I am completing exercises in the book Mathematical Statistics: Basic Ideas and Selected Topics regarding proving or disproving that a model is identifiable.
The problem I am struggling with considers $X_1, \ldots, X_n$ where $X_i \sim \text{N}(\alpha_i + \mu, \sigma^2)$. I am attempting to prove that the parametrization $$ \mathcal{P} = \left\{ P_\theta \left\vert \theta = (\alpha_1, \ldots, \alpha_n, \mu, \sigma^2) \colon \sum_{i=1}^{n} \alpha_i = 0, \right. \mu \in \mathbb{R}, \sigma > 0 \right\} $$ where $$ P_\theta = \prod_{i=1}^{n} f(x_i \vert \theta) = \prod_{i=1}^{n} \frac{1}{\sqrt{2\pi} \sigma} e^{ -\frac{(x_i - \alpha_i - \mu)^2}{2 \sigma^2} } $$ is in fact identifiable.

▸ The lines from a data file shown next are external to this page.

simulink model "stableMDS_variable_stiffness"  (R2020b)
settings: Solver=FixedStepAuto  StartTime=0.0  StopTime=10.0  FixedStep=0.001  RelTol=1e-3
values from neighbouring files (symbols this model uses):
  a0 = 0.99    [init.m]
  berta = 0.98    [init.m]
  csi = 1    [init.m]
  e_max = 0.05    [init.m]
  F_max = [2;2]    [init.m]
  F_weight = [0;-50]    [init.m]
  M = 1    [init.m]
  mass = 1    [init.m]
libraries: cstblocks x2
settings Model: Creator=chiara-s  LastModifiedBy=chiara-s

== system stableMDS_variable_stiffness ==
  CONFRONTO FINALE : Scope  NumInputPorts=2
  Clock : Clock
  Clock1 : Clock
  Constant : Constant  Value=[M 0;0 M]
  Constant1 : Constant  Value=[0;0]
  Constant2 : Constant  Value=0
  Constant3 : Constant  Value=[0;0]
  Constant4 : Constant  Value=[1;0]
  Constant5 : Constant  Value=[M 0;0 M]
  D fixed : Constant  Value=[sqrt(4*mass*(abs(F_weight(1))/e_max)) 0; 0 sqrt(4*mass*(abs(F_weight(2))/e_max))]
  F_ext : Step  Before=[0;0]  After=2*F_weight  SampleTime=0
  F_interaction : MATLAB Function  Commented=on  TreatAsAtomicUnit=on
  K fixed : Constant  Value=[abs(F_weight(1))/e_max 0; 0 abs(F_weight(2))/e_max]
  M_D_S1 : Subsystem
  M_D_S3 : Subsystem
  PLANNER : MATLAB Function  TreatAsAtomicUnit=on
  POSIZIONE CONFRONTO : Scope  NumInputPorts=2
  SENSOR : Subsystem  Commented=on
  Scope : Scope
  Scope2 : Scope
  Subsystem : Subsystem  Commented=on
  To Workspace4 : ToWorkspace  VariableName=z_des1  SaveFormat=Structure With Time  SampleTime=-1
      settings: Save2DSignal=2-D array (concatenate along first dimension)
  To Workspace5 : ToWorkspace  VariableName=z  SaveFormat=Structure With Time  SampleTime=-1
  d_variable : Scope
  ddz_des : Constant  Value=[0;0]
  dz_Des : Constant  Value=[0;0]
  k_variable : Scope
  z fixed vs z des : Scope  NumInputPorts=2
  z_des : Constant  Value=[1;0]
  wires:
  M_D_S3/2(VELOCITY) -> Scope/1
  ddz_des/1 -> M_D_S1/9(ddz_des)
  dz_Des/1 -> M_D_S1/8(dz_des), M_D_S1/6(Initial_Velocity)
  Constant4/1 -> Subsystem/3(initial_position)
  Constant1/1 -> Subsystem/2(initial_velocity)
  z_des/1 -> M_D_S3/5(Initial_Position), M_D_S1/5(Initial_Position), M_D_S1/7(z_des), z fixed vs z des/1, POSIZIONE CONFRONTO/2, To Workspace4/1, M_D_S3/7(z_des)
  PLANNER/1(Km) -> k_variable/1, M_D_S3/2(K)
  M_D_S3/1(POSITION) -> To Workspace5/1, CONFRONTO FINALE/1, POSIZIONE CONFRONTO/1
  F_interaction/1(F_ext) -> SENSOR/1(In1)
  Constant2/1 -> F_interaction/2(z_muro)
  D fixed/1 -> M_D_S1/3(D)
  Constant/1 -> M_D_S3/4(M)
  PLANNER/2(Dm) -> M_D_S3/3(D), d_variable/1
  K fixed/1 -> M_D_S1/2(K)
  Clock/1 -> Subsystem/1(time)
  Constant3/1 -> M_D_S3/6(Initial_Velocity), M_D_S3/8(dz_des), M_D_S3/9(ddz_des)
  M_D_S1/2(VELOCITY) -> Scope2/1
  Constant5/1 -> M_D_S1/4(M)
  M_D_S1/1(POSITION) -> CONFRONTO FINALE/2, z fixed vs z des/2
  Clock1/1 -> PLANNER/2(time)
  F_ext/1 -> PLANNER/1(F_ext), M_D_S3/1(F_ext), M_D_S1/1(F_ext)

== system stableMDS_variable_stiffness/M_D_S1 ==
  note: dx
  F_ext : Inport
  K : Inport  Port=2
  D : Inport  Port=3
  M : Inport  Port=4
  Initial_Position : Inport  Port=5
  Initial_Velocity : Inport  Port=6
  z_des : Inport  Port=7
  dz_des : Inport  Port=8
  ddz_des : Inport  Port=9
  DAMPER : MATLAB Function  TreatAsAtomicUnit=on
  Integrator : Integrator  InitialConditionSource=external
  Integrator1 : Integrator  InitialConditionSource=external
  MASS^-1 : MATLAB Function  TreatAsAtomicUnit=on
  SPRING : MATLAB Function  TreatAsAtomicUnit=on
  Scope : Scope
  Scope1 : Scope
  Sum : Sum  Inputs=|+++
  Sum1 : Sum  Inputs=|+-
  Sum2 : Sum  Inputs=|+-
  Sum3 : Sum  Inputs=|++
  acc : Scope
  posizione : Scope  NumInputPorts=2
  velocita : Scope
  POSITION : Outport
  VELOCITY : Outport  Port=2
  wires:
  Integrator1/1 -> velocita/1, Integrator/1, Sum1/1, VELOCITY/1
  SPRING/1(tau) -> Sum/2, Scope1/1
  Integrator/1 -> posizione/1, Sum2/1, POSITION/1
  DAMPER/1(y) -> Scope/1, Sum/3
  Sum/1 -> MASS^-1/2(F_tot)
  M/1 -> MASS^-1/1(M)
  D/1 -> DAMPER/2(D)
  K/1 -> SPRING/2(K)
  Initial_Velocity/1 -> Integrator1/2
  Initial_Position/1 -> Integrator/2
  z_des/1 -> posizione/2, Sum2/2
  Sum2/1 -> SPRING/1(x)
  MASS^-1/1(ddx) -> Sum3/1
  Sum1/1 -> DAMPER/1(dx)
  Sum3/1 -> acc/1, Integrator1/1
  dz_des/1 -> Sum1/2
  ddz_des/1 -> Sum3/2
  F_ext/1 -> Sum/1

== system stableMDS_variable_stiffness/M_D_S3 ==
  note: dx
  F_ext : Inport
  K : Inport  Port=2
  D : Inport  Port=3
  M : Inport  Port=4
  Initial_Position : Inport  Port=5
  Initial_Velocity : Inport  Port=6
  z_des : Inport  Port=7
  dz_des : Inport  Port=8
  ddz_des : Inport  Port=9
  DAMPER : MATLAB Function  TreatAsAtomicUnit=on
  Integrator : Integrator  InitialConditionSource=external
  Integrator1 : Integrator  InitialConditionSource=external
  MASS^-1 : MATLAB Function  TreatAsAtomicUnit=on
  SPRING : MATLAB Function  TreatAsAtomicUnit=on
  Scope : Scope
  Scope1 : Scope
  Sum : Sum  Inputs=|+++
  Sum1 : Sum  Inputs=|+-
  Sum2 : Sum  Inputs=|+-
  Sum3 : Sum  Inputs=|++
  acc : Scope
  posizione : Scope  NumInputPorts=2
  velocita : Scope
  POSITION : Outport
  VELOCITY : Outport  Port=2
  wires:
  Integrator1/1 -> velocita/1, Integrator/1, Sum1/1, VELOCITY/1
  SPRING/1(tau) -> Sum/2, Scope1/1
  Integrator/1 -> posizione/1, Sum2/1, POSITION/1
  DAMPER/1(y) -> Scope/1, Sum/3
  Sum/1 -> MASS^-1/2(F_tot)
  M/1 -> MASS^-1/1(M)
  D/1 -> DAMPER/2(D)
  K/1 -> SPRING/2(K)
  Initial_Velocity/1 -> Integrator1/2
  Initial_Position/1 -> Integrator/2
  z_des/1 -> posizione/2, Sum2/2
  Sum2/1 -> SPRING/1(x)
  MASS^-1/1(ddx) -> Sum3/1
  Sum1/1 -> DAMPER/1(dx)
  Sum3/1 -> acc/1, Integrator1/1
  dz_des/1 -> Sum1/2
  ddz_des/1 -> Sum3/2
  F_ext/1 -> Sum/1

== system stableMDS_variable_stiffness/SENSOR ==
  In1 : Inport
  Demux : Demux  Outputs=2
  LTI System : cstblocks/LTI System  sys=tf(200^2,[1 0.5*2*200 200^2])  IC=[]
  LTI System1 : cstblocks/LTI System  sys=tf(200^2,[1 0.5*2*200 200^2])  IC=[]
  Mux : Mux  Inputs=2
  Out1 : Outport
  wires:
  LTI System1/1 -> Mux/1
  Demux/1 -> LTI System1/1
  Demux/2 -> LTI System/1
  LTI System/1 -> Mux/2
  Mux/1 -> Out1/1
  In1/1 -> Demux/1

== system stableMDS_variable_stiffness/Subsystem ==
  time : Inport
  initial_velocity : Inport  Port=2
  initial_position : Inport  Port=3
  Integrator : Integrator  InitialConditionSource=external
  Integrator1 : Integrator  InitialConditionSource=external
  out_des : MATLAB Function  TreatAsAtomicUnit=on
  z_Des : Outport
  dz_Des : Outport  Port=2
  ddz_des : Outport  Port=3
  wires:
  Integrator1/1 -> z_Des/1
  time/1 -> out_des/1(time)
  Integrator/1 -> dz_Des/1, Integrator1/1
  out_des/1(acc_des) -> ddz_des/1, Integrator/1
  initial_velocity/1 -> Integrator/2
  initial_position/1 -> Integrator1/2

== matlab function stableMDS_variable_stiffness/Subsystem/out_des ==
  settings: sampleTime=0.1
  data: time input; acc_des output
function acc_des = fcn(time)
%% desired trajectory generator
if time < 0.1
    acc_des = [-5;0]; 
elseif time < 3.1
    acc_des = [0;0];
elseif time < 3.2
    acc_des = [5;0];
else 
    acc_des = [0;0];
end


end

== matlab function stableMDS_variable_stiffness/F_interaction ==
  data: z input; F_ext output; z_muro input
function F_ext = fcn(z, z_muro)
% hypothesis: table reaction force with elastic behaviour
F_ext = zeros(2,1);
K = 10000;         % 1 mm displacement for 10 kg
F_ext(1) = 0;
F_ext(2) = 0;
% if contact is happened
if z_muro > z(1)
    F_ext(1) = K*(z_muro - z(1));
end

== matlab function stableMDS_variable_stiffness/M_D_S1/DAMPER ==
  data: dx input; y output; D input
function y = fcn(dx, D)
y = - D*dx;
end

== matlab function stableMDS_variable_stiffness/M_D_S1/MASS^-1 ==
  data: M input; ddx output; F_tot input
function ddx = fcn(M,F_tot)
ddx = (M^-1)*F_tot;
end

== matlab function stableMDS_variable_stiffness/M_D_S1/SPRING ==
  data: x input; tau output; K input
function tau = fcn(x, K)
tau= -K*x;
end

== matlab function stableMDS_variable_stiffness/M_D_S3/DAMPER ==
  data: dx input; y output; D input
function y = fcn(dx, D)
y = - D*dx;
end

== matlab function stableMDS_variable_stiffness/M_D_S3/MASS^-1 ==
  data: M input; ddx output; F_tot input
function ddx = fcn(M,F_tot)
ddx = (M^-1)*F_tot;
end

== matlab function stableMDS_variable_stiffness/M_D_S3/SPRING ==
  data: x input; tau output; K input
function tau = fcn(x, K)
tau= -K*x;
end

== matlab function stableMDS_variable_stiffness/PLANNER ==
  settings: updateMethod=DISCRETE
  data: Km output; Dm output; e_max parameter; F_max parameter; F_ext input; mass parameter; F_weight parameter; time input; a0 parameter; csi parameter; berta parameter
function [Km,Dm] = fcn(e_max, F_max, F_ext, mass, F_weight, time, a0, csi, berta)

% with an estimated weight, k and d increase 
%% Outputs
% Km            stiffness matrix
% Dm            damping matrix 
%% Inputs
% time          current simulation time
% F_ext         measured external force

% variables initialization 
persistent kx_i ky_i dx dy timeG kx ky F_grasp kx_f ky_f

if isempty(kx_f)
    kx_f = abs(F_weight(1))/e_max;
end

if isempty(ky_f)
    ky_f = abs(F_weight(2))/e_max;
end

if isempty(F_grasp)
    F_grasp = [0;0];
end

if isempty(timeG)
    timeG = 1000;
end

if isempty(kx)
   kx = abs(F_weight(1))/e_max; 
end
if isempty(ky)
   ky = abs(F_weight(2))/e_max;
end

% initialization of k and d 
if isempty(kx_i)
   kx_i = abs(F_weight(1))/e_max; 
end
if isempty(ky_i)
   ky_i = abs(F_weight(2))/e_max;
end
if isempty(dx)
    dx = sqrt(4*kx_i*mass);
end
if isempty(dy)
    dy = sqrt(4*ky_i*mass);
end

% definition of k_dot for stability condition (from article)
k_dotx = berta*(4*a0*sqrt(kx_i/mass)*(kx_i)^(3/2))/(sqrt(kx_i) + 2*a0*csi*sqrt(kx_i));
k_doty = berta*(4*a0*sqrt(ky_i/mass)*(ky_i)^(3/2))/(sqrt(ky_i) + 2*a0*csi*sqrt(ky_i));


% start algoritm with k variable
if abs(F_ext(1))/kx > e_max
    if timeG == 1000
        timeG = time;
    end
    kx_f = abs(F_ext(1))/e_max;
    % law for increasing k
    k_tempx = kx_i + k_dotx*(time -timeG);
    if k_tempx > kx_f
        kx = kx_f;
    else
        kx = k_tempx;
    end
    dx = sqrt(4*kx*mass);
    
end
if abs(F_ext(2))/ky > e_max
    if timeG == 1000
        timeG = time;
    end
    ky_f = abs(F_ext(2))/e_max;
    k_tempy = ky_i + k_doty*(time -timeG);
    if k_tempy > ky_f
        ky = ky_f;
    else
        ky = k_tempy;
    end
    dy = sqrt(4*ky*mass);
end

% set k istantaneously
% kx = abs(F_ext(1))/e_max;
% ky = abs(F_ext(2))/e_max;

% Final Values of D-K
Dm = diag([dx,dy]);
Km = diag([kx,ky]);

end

After reading the post "Identifiability of normal distribution", it was a very simple exercise to prove that $$ \mathcal{P} = \left\{ P_\theta \left\vert \theta = (\alpha_1, \ldots, \alpha_n, \mu, \sigma^2) \colon \alpha_i \in \mathbb{R}, \right. \mu \in \mathbb{R}, \sigma > 0 \right\} $$ is not identifiable, and the comments in the post suggest that the model I am struggling with is identifiable.
After reading posts like "What is model identifiability?" and "Is the following parametrizations identifiable?", I know what I must do: I must prove $P_{\theta_1} = P_{\theta_2} \implies \theta_1 = \theta_2$, or equivalently $\theta_1 \neq \theta_2 \implies P_{\theta_1} \neq P_{\theta_2}$. This is where I run into issues with either approach.
First, I start with an attempt at $P_{\theta_1} = P_{\theta_2} \implies \theta_1 = \theta_2$. Let $$ \theta_j = (\alpha_{j1}, \ldots, \alpha_{jn}, \mu_j, \sigma_j^2) $$ so that $$ P_{\theta_j} = \prod_{i=1}^{n} \frac{1}{\sqrt{2\pi} \sigma_j} e^{ -\frac{(x_i - \alpha_{ji} - \mu_j)^2}{2 \sigma_j^2} } $$ Now, if $P_{\theta_1} = P_{\theta_2}$, then $$ \prod_{i=1}^{n} \frac{1}{\sqrt{2\pi} \sigma_1} e^{ -\frac{(x_i - \alpha_{1i} - \mu_1)^2}{2 \sigma_1^2} } = \prod_{i=1}^{n} \frac{1}{\sqrt{2\pi} \sigma_2} e^{ -\frac{(x_i - \alpha_{2i} - \mu_2)^2}{2 \sigma_2^2} } $$ This is where I get stuck, and I have made it almost no where. I could expand the products to get summations in the exponent of the $e^{(\cdot)}$ terms, but my algebra does not seem to provide anything useful. I may be able to make some argument about the coefficients $\frac{1}{\sqrt{2\pi} \sigma_j}$ being equal but this only provides that one component of the $\theta$s are equal.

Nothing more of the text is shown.